_What you are asked to do:_ Reproduce word for word the lines between those holding "Line((0, 10.5), (-8, 10.5))" and "make_face()", inclusive, and nothing else from the data below.

Stored dataset items
+===+

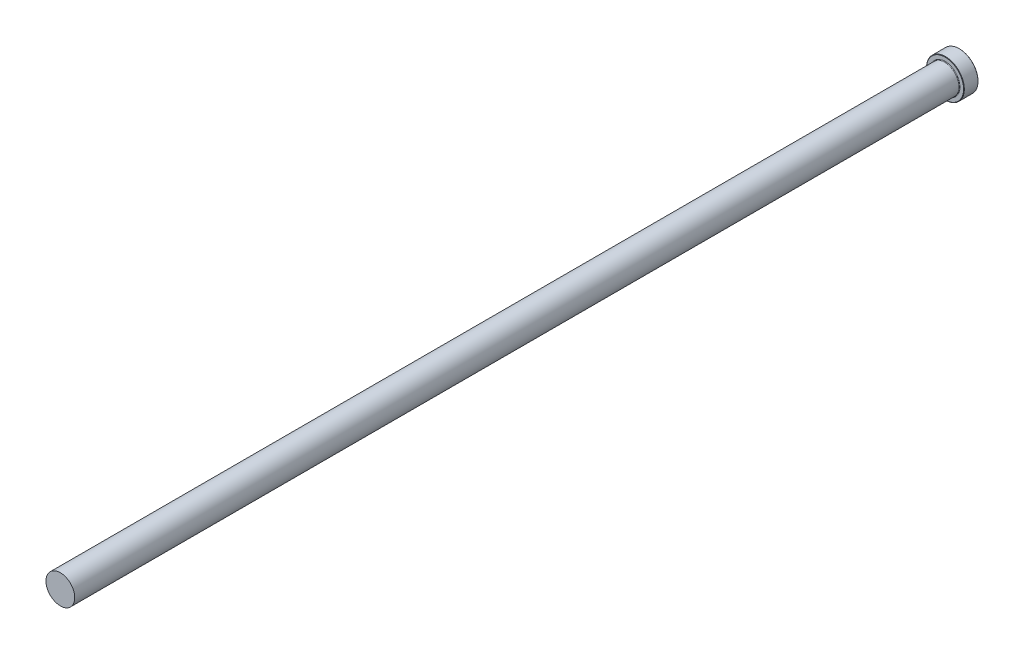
from build123d import *

# Parameters (mm, degrees)
CHAMFER1_SIZE = 0.2


with BuildPart() as part:
    # Sketch1 → Revolve1 (revolve)
    with BuildSketch(Plane(origin=(0, 0, 0), x_dir=(0, 0, -1), z_dir=(1, 0, 0)), mode=Mode.PRIVATE) as revolve1_sk:
        with BuildLine():
            Line((0, 0), (0, 10.5))
            Line((0, 10.5), (-8, 10.5))
            Line((-8, 10.5), (-8, 8.3))
            ThreePointArc((-8, 8.3), (-8.087867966, 8.087867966), (-8.3, 8))
            Line((-8.3, 8), (-500, 8))
            Line((-500, 8), (-500, 0))
            Line((-500, 0), (0, 0))
        make_face()
    revolve(revolve1_sk.sketch.rotate(Axis((0, 0, 109.05062828), (0, 0, -1)), 90), axis=Axis((0, 0, 109.05062828), (0, 0, -1)))

    # Chamfer1
    chamfer1_edges = [part.edges().sort_by_distance(p)[0] for p in [
        (-10.5, 0, 0),
        (-10.5, 0, 8),
    ]]
    chamfer(chamfer1_edges, length=CHAMFER1_SIZE)


solid = part.part

+===+

_Written answer:_
            Line((0, 10.5), (-8, 10.5))
            Line((-8, 10.5), (-8, 8.3))
            ThreePointArc((-8, 8.3), (-8.087867966, 8.087867966), (-8.3, 8))
            Line((-8.3, 8), (-500, 8))
            Line((-500, 8), (-500, 0))
            Line((-500, 0), (0, 0))
        make_face()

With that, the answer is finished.